Post by Robin Leadbeater »

Hi Tonis,

Bracketing with lamp spectra is the standard routine with the LHIRES and is essential because of the poor stability but even this is not enough as the flexure is not linear with sudden jumps. (In my case some of it comes from the grating holder. One of my holders is much more stable than the other). Another way of getting high precision RV measurements is to superimpose lamp lines on the spectrum using a lamp mounted in front of the aperture. Using this technique I have been able to get to 0.5km/s precision with the LHIRES.
See this presentation (at 18:35)
https://britastro.org/video/13862/14769

The limit then is variations in the line profile shape due to the position of the star on the slit (beyond that a fibre feed is needed, not just for stability but to produce a stable line profile shape)

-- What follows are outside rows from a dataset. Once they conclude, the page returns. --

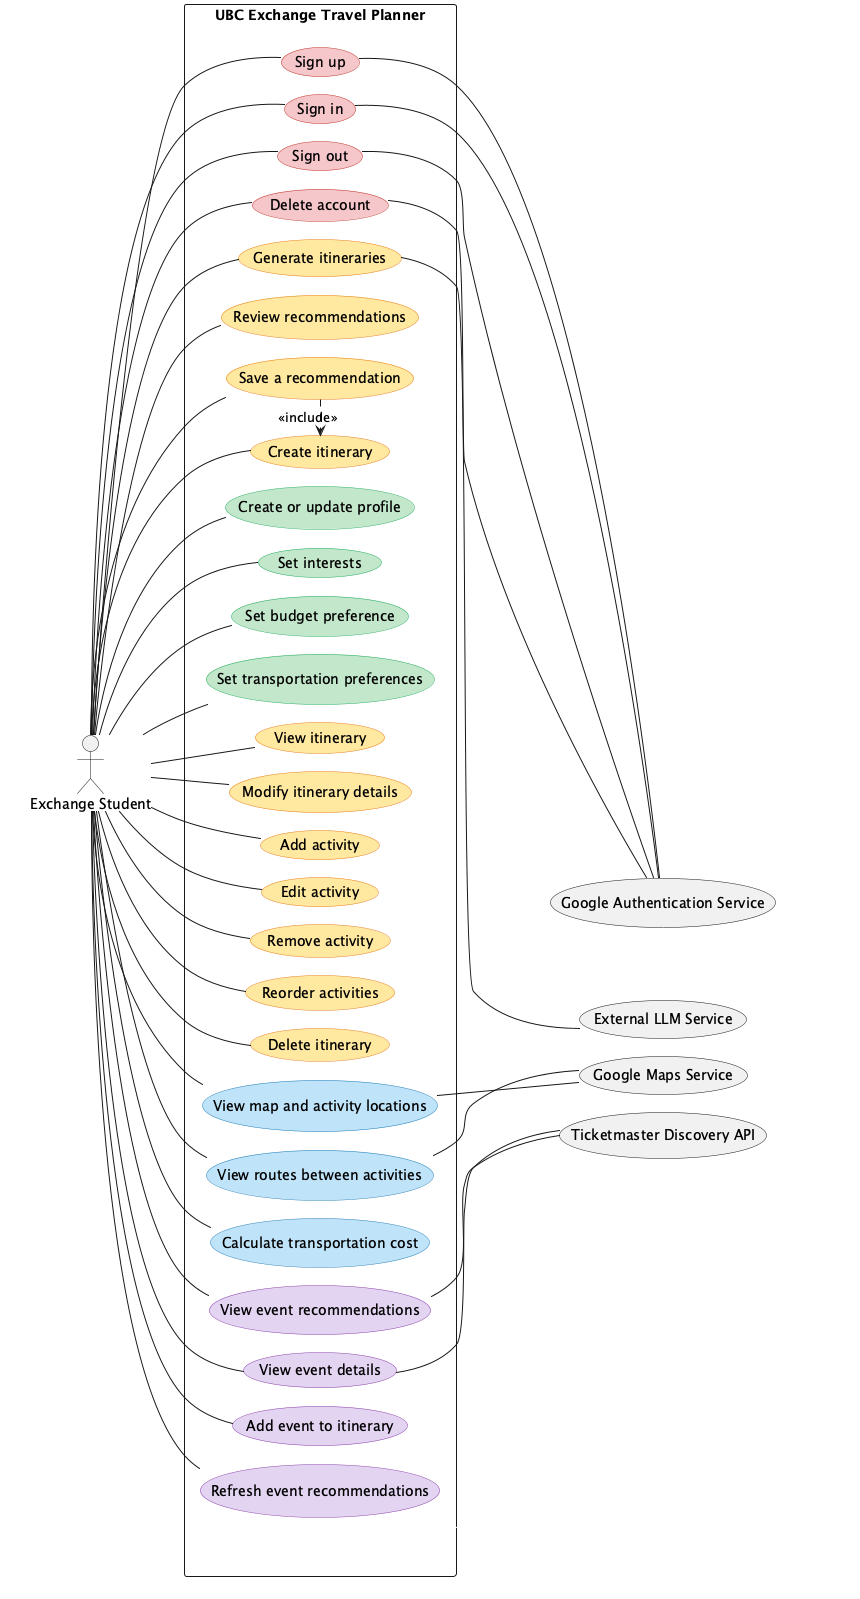

The diagram above was rendered by PlantUML. Its source (embedded in the PNG):
@startuml
!pragma layout smetana
left to right direction
skinparam packageStyle rectangle
skinparam ranksep 150
skinparam nodesep 20
hide stereotype

skinparam rectangle {
  BorderColor<<invis>> Transparent
  BackgroundColor<<invis>> Transparent
  ShadowColor<<invis>> Transparent
  FontColor<<invis>> Transparent
}

skinparam usecase {
  BackgroundColor<<auth>> #F5C6CB
  BorderColor<<auth>> #C0392B
  BackgroundColor<<profile>> #C3E6CB
  BorderColor<<profile>> #27AE60
  BackgroundColor<<itinerary>> #FFE8A1
  BorderColor<<itinerary>> #E67E22
  BackgroundColor<<maps>> #BEE3F8
  BorderColor<<maps>> #2980B9
  BackgroundColor<<event>> #E2D4F0
  BorderColor<<event>> #8E44AD
}

rectangle " " as ActorsBox <<invis>> {
  actor "Exchange Student" as Traveller
}

rectangle "UBC Exchange Travel Planner" as SystemBox {
  usecase "Sign up" as UC1 <<auth>>
  usecase "Sign in" as UC2 <<auth>>
  usecase "Sign out" as UC3 <<auth>>
  usecase "Delete account" as UC4 <<auth>>

  usecase "Generate itineraries" as UC14 <<itinerary>>
  usecase "Review recommendations" as UC19 <<itinerary>>
  usecase "Save a recommendation" as UC20 <<itinerary>>
  usecase "Create itinerary" as UC9 <<itinerary>>

  usecase "Create or update profile" as UC5 <<profile>>
  usecase "Set interests" as UC6 <<profile>>
  usecase "Set budget preference" as UC7 <<profile>>
  usecase "Set transportation preferences" as UC8 <<profile>>

  usecase "View itinerary" as UC10 <<itinerary>>
  usecase "Modify itinerary details" as UC21 <<itinerary>>
  usecase "Add activity" as UC11 <<itinerary>>
  usecase "Edit activity" as UC12 <<itinerary>>
  usecase "Remove activity" as UC13 <<itinerary>>
  usecase "Reorder activities" as UC22 <<itinerary>>
  usecase "Delete itinerary" as UC23 <<itinerary>>

  usecase "View map and activity locations" as UC15 <<maps>>
  usecase "View routes between activities" as UC16 <<maps>>
  usecase "Calculate transportation cost" as UC17 <<maps>>

  usecase "View event recommendations" as UC18 <<event>>
  usecase "View event details" as UC24 <<event>>
  usecase "Add event to itinerary" as UC25 <<event>>
  usecase "Refresh event recommendations" as UC26 <<event>>
}

rectangle " " as ExternalBox <<invis>> {
  rectangle "External services horizontal spacing placeholder" as ExternalPad <<invis>>
  usecase "Google Authentication Service" as ExtAuth
  usecase "External LLM Service" as AIService
  usecase "Google Maps Service" as GoogleMaps
  usecase "Ticketmaster Discovery API" as EventService

  ExternalPad -[#FFFFFF]right-> ExtAuth
}

Traveller -- UC1
Traveller -- UC2
Traveller -- UC3
Traveller -- UC4
Traveller -- UC5
Traveller -- UC6
Traveller -- UC7
Traveller -- UC8
Traveller -- UC9
Traveller -- UC10
Traveller -- UC19
Traveller -- UC20
Traveller -- UC21
Traveller -- UC11
Traveller -- UC12
Traveller -- UC13
Traveller -- UC22
Traveller -- UC23
Traveller -- UC15
Traveller -- UC16
Traveller -- UC17
Traveller -- UC18
Traveller -- UC24
Traveller -- UC25
Traveller -- UC26

Traveller -- UC14
UC9 <.left. UC20 : <<include>>
SystemBox -[#FFFFFF]right-> ExternalBox

UC1 -[norank]- ExtAuth
UC2 -[norank]- ExtAuth
UC3 -[norank]- ExtAuth
UC4 -[norank]- ExtAuth
UC14 -[norank]- AIService
UC15 -[norank]- GoogleMaps
UC16 -[norank]- GoogleMaps
UC18 -[norank]- EventService
UC24 -[norank]- EventService
@enduml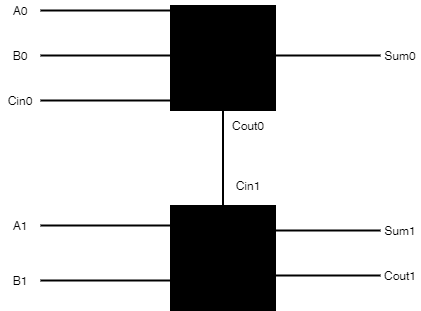

The diagram above was exported from draw.io. Its source (the exported page's mxGraphModel, read from the mxfile embedded in the PNG):
<mxGraphModel dx="813" dy="437" grid="1" gridSize="10" guides="1" tooltips="1" connect="1" arrows="1" fold="1" page="1" pageScale="1" pageWidth="827" pageHeight="1169" math="0" shadow="0">
  <root>
    <mxCell id="0" />
    <mxCell id="1" parent="0" />
    <mxCell id="b0h9zlXypgJWkyBnQJYK-2" value="" style="line;strokeWidth=2;html=1;" vertex="1" parent="1">
      <mxGeometry x="80" y="270" width="130" height="10" as="geometry" />
    </mxCell>
    <mxCell id="b0h9zlXypgJWkyBnQJYK-3" value="" style="line;strokeWidth=2;html=1;" vertex="1" parent="1">
      <mxGeometry x="80" y="315" width="130" height="10" as="geometry" />
    </mxCell>
    <mxCell id="b0h9zlXypgJWkyBnQJYK-4" value="" style="line;strokeWidth=2;html=1;" vertex="1" parent="1">
      <mxGeometry x="80" y="485" width="130" height="10" as="geometry" />
    </mxCell>
    <mxCell id="b0h9zlXypgJWkyBnQJYK-5" value="" style="line;strokeWidth=2;html=1;" vertex="1" parent="1">
      <mxGeometry x="80" y="540" width="130" height="10" as="geometry" />
    </mxCell>
    <mxCell id="b0h9zlXypgJWkyBnQJYK-6" value="A0" style="text;html=1;strokeColor=none;fillColor=none;align=center;verticalAlign=middle;whiteSpace=wrap;rounded=0;" vertex="1" parent="1">
      <mxGeometry x="40" y="265" width="40" height="20" as="geometry" />
    </mxCell>
    <mxCell id="b0h9zlXypgJWkyBnQJYK-7" value="B0" style="text;html=1;strokeColor=none;fillColor=none;align=center;verticalAlign=middle;whiteSpace=wrap;rounded=0;" vertex="1" parent="1">
      <mxGeometry x="40" y="310" width="40" height="20" as="geometry" />
    </mxCell>
    <mxCell id="b0h9zlXypgJWkyBnQJYK-8" value="A1" style="text;html=1;strokeColor=none;fillColor=none;align=center;verticalAlign=middle;whiteSpace=wrap;rounded=0;" vertex="1" parent="1">
      <mxGeometry x="40" y="480" width="40" height="20" as="geometry" />
    </mxCell>
    <mxCell id="b0h9zlXypgJWkyBnQJYK-9" value="B1" style="text;html=1;strokeColor=none;fillColor=none;align=center;verticalAlign=middle;whiteSpace=wrap;rounded=0;" vertex="1" parent="1">
      <mxGeometry x="40" y="535" width="40" height="20" as="geometry" />
    </mxCell>
    <mxCell id="b0h9zlXypgJWkyBnQJYK-12" value="" style="whiteSpace=wrap;html=1;aspect=fixed;fillColor=#000000;" vertex="1" parent="1">
      <mxGeometry x="210" y="470" width="105" height="105" as="geometry" />
    </mxCell>
    <mxCell id="b0h9zlXypgJWkyBnQJYK-13" value="" style="whiteSpace=wrap;html=1;aspect=fixed;fillColor=#000000;" vertex="1" parent="1">
      <mxGeometry x="210" y="270" width="105" height="105" as="geometry" />
    </mxCell>
    <mxCell id="b0h9zlXypgJWkyBnQJYK-14" value="Cin0" style="text;html=1;strokeColor=none;fillColor=none;align=center;verticalAlign=middle;whiteSpace=wrap;rounded=0;" vertex="1" parent="1">
      <mxGeometry x="40" y="355" width="40" height="20" as="geometry" />
    </mxCell>
    <mxCell id="b0h9zlXypgJWkyBnQJYK-15" value="" style="line;strokeWidth=2;html=1;" vertex="1" parent="1">
      <mxGeometry x="80" y="360" width="130" height="10" as="geometry" />
    </mxCell>
    <mxCell id="b0h9zlXypgJWkyBnQJYK-19" value="" style="line;strokeWidth=2;direction=south;html=1;fillColor=#000000;" vertex="1" parent="1">
      <mxGeometry x="257.5" y="375" width="10" height="95" as="geometry" />
    </mxCell>
    <mxCell id="b0h9zlXypgJWkyBnQJYK-20" value="Cout0" style="text;html=1;strokeColor=none;fillColor=none;align=center;verticalAlign=middle;whiteSpace=wrap;rounded=0;" vertex="1" parent="1">
      <mxGeometry x="267.5" y="380" width="40" height="20" as="geometry" />
    </mxCell>
    <mxCell id="b0h9zlXypgJWkyBnQJYK-21" value="Cin1" style="text;html=1;strokeColor=none;fillColor=none;align=center;verticalAlign=middle;whiteSpace=wrap;rounded=0;" vertex="1" parent="1">
      <mxGeometry x="267.5" y="440" width="40" height="20" as="geometry" />
    </mxCell>
    <mxCell id="b0h9zlXypgJWkyBnQJYK-22" value="" style="line;strokeWidth=2;html=1;fillColor=#000000;" vertex="1" parent="1">
      <mxGeometry x="315" y="315" width="105" height="10" as="geometry" />
    </mxCell>
    <mxCell id="b0h9zlXypgJWkyBnQJYK-23" value="Sum0" style="text;html=1;strokeColor=none;fillColor=none;align=center;verticalAlign=middle;whiteSpace=wrap;rounded=0;" vertex="1" parent="1">
      <mxGeometry x="420" y="310" width="40" height="20" as="geometry" />
    </mxCell>
    <mxCell id="b0h9zlXypgJWkyBnQJYK-25" value="" style="line;strokeWidth=2;html=1;fillColor=#000000;" vertex="1" parent="1">
      <mxGeometry x="315" y="490" width="105" height="10" as="geometry" />
    </mxCell>
    <mxCell id="b0h9zlXypgJWkyBnQJYK-26" value="" style="line;strokeWidth=2;html=1;fillColor=#000000;" vertex="1" parent="1">
      <mxGeometry x="315" y="535" width="105" height="10" as="geometry" />
    </mxCell>
    <mxCell id="b0h9zlXypgJWkyBnQJYK-27" value="Sum1" style="text;html=1;strokeColor=none;fillColor=none;align=center;verticalAlign=middle;whiteSpace=wrap;rounded=0;" vertex="1" parent="1">
      <mxGeometry x="420" y="485" width="40" height="20" as="geometry" />
    </mxCell>
    <mxCell id="b0h9zlXypgJWkyBnQJYK-30" value="Cout1" style="text;html=1;strokeColor=none;fillColor=none;align=center;verticalAlign=middle;whiteSpace=wrap;rounded=0;" vertex="1" parent="1">
      <mxGeometry x="420" y="530" width="40" height="20" as="geometry" />
    </mxCell>
  </root>
</mxGraphModel>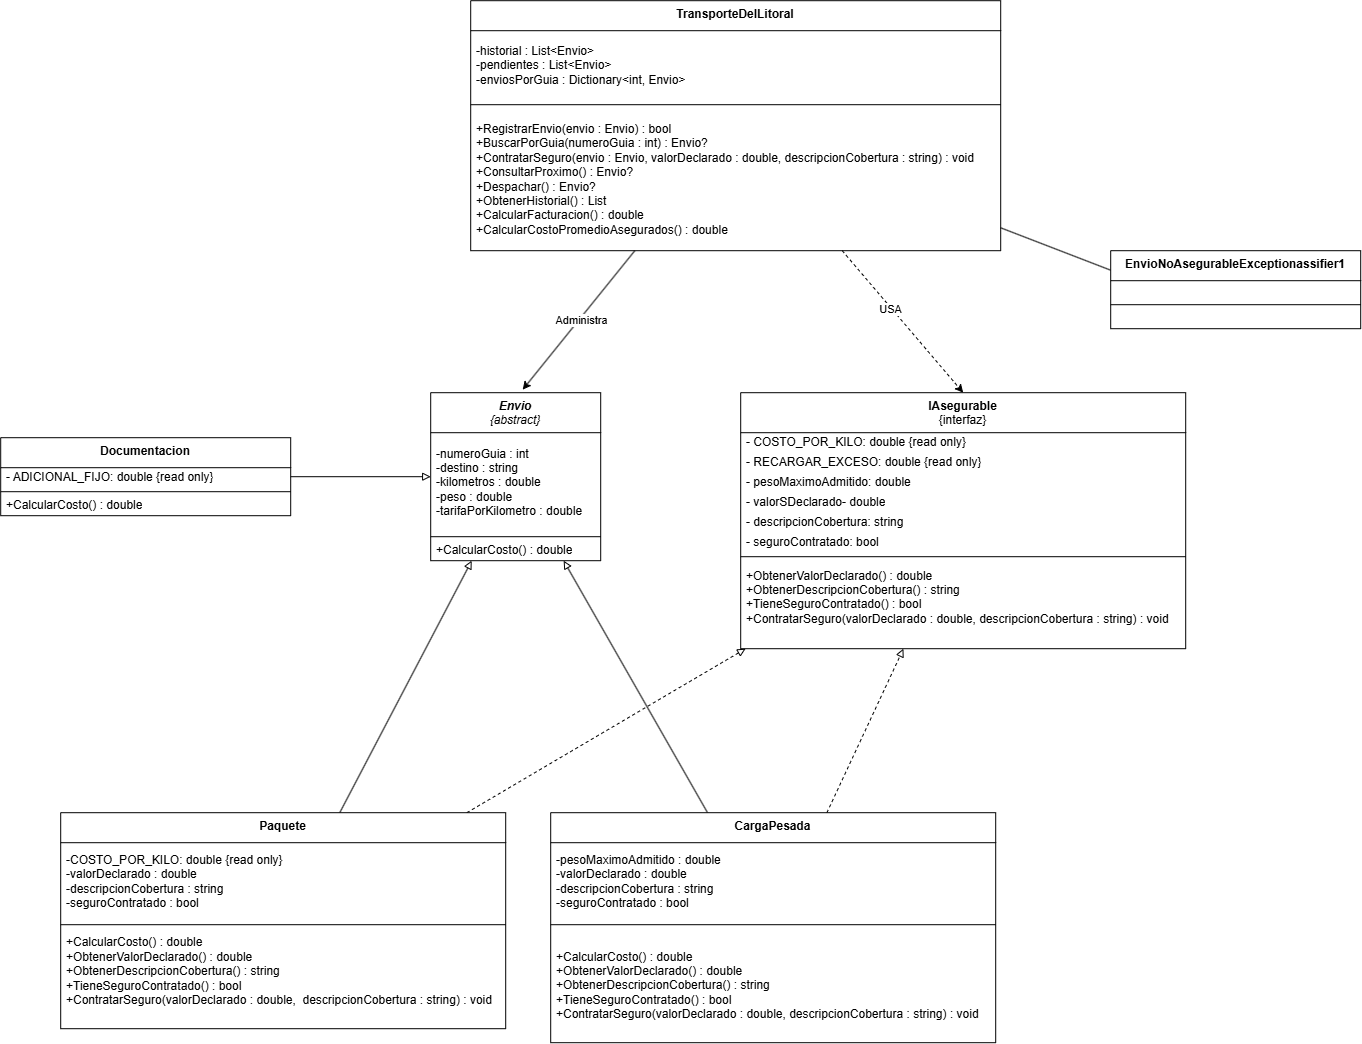

The diagram above was exported from draw.io. Its source (the exported page's mxGraphModel, read from the mxfile embedded in the PNG):
<mxGraphModel dx="3747" dy="2419" grid="1" gridSize="10" guides="1" tooltips="1" connect="1" arrows="1" fold="1" page="1" pageScale="1" pageWidth="827" pageHeight="1169" background="light-dark(#FFFFFF,#121212)" math="0" shadow="0">
  <root>
    <mxCell id="0" />
    <mxCell id="1" parent="0" />
    <mxCell id="2XETfMJfvAx9yCRpoqWW-1" parent="1" style="swimlane;fontStyle=0;align=center;verticalAlign=top;childLayout=stackLayout;horizontal=1;startSize=40;horizontalStack=0;resizeParent=1;resizeParentMax=0;resizeLast=0;collapsible=0;marginBottom=0;html=1;whiteSpace=wrap;" value="&lt;i&gt;&lt;b&gt;Envio&lt;/b&gt;&lt;br&gt;{abstract}&lt;/i&gt;" vertex="1">
      <mxGeometry height="168" width="170" x="-760" y="-100" as="geometry" />
    </mxCell>
    <mxCell id="2XETfMJfvAx9yCRpoqWW-3" parent="2XETfMJfvAx9yCRpoqWW-1" style="text;html=1;strokeColor=none;fillColor=none;align=left;verticalAlign=middle;spacingLeft=4;spacingRight=4;overflow=hidden;rotatable=0;points=[[0,0.5],[1,0.5]];portConstraint=eastwest;whiteSpace=wrap;" value="&lt;div&gt;&lt;font color=&quot;#000000&quot;&gt;-numeroGuia : int&lt;/font&gt;&lt;/div&gt;&lt;div&gt;&lt;font color=&quot;#000000&quot;&gt;-destino : string&lt;/font&gt;&lt;/div&gt;&lt;div&gt;&lt;font color=&quot;#000000&quot;&gt;-kilometros : double&lt;/font&gt;&lt;/div&gt;&lt;div&gt;&lt;font color=&quot;#000000&quot;&gt;-peso : double&lt;/font&gt;&lt;/div&gt;&lt;div&gt;&lt;font color=&quot;#000000&quot;&gt;-tarifaPorKilometro : double&lt;/font&gt;&lt;/div&gt;" vertex="1">
      <mxGeometry height="100" width="170" y="40" as="geometry" />
    </mxCell>
    <mxCell id="2XETfMJfvAx9yCRpoqWW-6" parent="2XETfMJfvAx9yCRpoqWW-1" style="line;strokeWidth=1;fillColor=none;align=left;verticalAlign=middle;spacingTop=-1;spacingLeft=3;spacingRight=3;rotatable=0;labelPosition=right;points=[];portConstraint=eastwest;" value="" vertex="1">
      <mxGeometry height="8" width="170" y="140" as="geometry" />
    </mxCell>
    <mxCell id="2XETfMJfvAx9yCRpoqWW-8" parent="2XETfMJfvAx9yCRpoqWW-1" style="text;html=1;strokeColor=none;fillColor=none;align=left;verticalAlign=middle;spacingLeft=4;spacingRight=4;overflow=hidden;rotatable=0;points=[[0,0.5],[1,0.5]];portConstraint=eastwest;whiteSpace=wrap;" value="&lt;div&gt;&lt;font color=&quot;#000000&quot;&gt;+CalcularCosto() : double&lt;/font&gt;&lt;/div&gt;" vertex="1">
      <mxGeometry height="20" width="170" y="148" as="geometry" />
    </mxCell>
    <mxCell id="96xOjcYu_bIPLEre6BOo-1" parent="1" style="swimlane;fontStyle=0;align=center;verticalAlign=top;childLayout=stackLayout;horizontal=1;startSize=40;horizontalStack=0;resizeParent=1;resizeParentMax=0;resizeLast=0;collapsible=0;marginBottom=0;html=1;whiteSpace=wrap;" value="&lt;b&gt;IAsegurable&lt;/b&gt;&lt;div&gt;{interfaz}&lt;/div&gt;" vertex="1">
      <mxGeometry height="256" width="445" x="-450" y="-100" as="geometry" />
    </mxCell>
    <mxCell id="96xOjcYu_bIPLEre6BOo-2" parent="96xOjcYu_bIPLEre6BOo-1" style="text;html=1;strokeColor=none;fillColor=none;align=left;verticalAlign=middle;spacingLeft=4;spacingRight=4;overflow=hidden;rotatable=0;points=[[0,0.5],[1,0.5]];portConstraint=eastwest;whiteSpace=wrap;" value="- COSTO_POR_KILO: double {read only}" vertex="1">
      <mxGeometry height="20" width="445" y="40" as="geometry" />
    </mxCell>
    <mxCell id="96xOjcYu_bIPLEre6BOo-43" parent="96xOjcYu_bIPLEre6BOo-1" style="text;html=1;strokeColor=none;fillColor=none;align=left;verticalAlign=middle;spacingLeft=4;spacingRight=4;overflow=hidden;rotatable=0;points=[[0,0.5],[1,0.5]];portConstraint=eastwest;whiteSpace=wrap;" value="- RECARGAR_EXCESO: double {read only}" vertex="1">
      <mxGeometry height="20" width="445" y="60" as="geometry" />
    </mxCell>
    <mxCell id="96xOjcYu_bIPLEre6BOo-44" parent="96xOjcYu_bIPLEre6BOo-1" style="text;html=1;strokeColor=none;fillColor=none;align=left;verticalAlign=middle;spacingLeft=4;spacingRight=4;overflow=hidden;rotatable=0;points=[[0,0.5],[1,0.5]];portConstraint=eastwest;whiteSpace=wrap;" value="- pesoMaximoAdmitido: double" vertex="1">
      <mxGeometry height="20" width="445" y="80" as="geometry" />
    </mxCell>
    <mxCell id="96xOjcYu_bIPLEre6BOo-45" parent="96xOjcYu_bIPLEre6BOo-1" style="text;html=1;strokeColor=none;fillColor=none;align=left;verticalAlign=middle;spacingLeft=4;spacingRight=4;overflow=hidden;rotatable=0;points=[[0,0.5],[1,0.5]];portConstraint=eastwest;whiteSpace=wrap;" value="- valorSDeclarado- double" vertex="1">
      <mxGeometry height="20" width="445" y="100" as="geometry" />
    </mxCell>
    <mxCell id="96xOjcYu_bIPLEre6BOo-46" parent="96xOjcYu_bIPLEre6BOo-1" style="text;html=1;strokeColor=none;fillColor=none;align=left;verticalAlign=middle;spacingLeft=4;spacingRight=4;overflow=hidden;rotatable=0;points=[[0,0.5],[1,0.5]];portConstraint=eastwest;whiteSpace=wrap;" value="- descripcionCobertura: string" vertex="1">
      <mxGeometry height="20" width="445" y="120" as="geometry" />
    </mxCell>
    <mxCell id="96xOjcYu_bIPLEre6BOo-47" parent="96xOjcYu_bIPLEre6BOo-1" style="text;html=1;strokeColor=none;fillColor=none;align=left;verticalAlign=middle;spacingLeft=4;spacingRight=4;overflow=hidden;rotatable=0;points=[[0,0.5],[1,0.5]];portConstraint=eastwest;whiteSpace=wrap;" value="- seguroContratado: bool" vertex="1">
      <mxGeometry height="20" width="445" y="140" as="geometry" />
    </mxCell>
    <mxCell id="96xOjcYu_bIPLEre6BOo-3" parent="96xOjcYu_bIPLEre6BOo-1" style="line;strokeWidth=1;fillColor=none;align=left;verticalAlign=middle;spacingTop=-1;spacingLeft=3;spacingRight=3;rotatable=0;labelPosition=right;points=[];portConstraint=eastwest;" value="" vertex="1">
      <mxGeometry height="8" width="445" y="160" as="geometry" />
    </mxCell>
    <mxCell id="96xOjcYu_bIPLEre6BOo-4" parent="96xOjcYu_bIPLEre6BOo-1" style="text;html=1;strokeColor=none;fillColor=none;align=left;verticalAlign=middle;spacingLeft=4;spacingRight=4;overflow=hidden;rotatable=0;points=[[0,0.5],[1,0.5]];portConstraint=eastwest;whiteSpace=wrap;" value="&lt;div&gt;&lt;font color=&quot;#000000&quot;&gt;+ObtenerValorDeclarado() : double&lt;/font&gt;&lt;/div&gt;&lt;div&gt;&lt;font color=&quot;#000000&quot;&gt;+ObtenerDescripcionCobertura() : string&lt;/font&gt;&lt;/div&gt;&lt;div&gt;&lt;font color=&quot;#000000&quot;&gt;+TieneSeguroContratado() : bool&lt;/font&gt;&lt;/div&gt;&lt;div&gt;&lt;font color=&quot;#000000&quot;&gt;+ContratarSeguro(valorDeclarado : double,&amp;nbsp;&lt;/font&gt;&lt;span style=&quot;background-color: transparent;&quot;&gt;descripcionCobertura : string) : void&lt;/span&gt;&lt;/div&gt;&lt;div&gt;&lt;br&gt;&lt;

This does not solve the problem of loss of resolution though when adding sub exposures. The solution as Peter suggests is to treat each sub exposure separately. ISIS does not handle the fits header well though when adding spectra and so it needs to be edited.

Cheers
Robin
LHIRES III #29 ATIK314 ALPY 600/200 ATIK428 Star Analyser 100/200 C11 EQ6
http://www.threehillsobservatory.co.uk
Jack Martin
Posts: 54
Joined: Fri Sep 11, 2015 10:31 am

Re: LHires III shifts with long exposures - how to handle?

Post by Jack Martin »

Peter,

Put your question to John Paraskeva creator of BASS at;

https://groups.io/g/BassSpectro/topics

Happy New Year,

Jack

Essex UK
Peter Somogyi
Posts: 420
Joined: Sun Jul 13, 2014 8:56 am

Re: LHires III shifts with long exposures - how to handle?

Post by Peter Somogyi »

Tonis,

By practice, we use tellurics only for checking spectra, mostly in case of high SNR + smooth continuum (cooler stars have spikes everywhere, rendering it unuseable). They are too low by SNR for a general use, and dependent on sky quality. However, DIB and tellurics certainly useable at low resolution (e.g. < R~500).
The background sky I usually get, is useable only at certain conditions (lowest resolution e.g. R~500 with full spectrum - bright enoguh pollution with proper lamps, e.g. not LEDs), otherwise they are mostly absent or weak in case of my typical use (R~3000 - 18000, in a narrow band of LHires).

Robin,

Thank you for confirming my experiences, at least now we can gather up and show up a common need for software developers!

I agree to that sometimes there can be sudden jumps during a single (longer e.g. 20-30 minute) exposure. In this case, I can easily spot this jump (always looking at RMS report of ISIS about the averaged calibration) and decide whether want to drop it. Way much better than dropping the whole sequence, maybe the only target for a night.
Since I cannot foretell when such a jump happens (processing only 1-2 days later), I'm always taking calibrations between spectra (15-25 seconds typically).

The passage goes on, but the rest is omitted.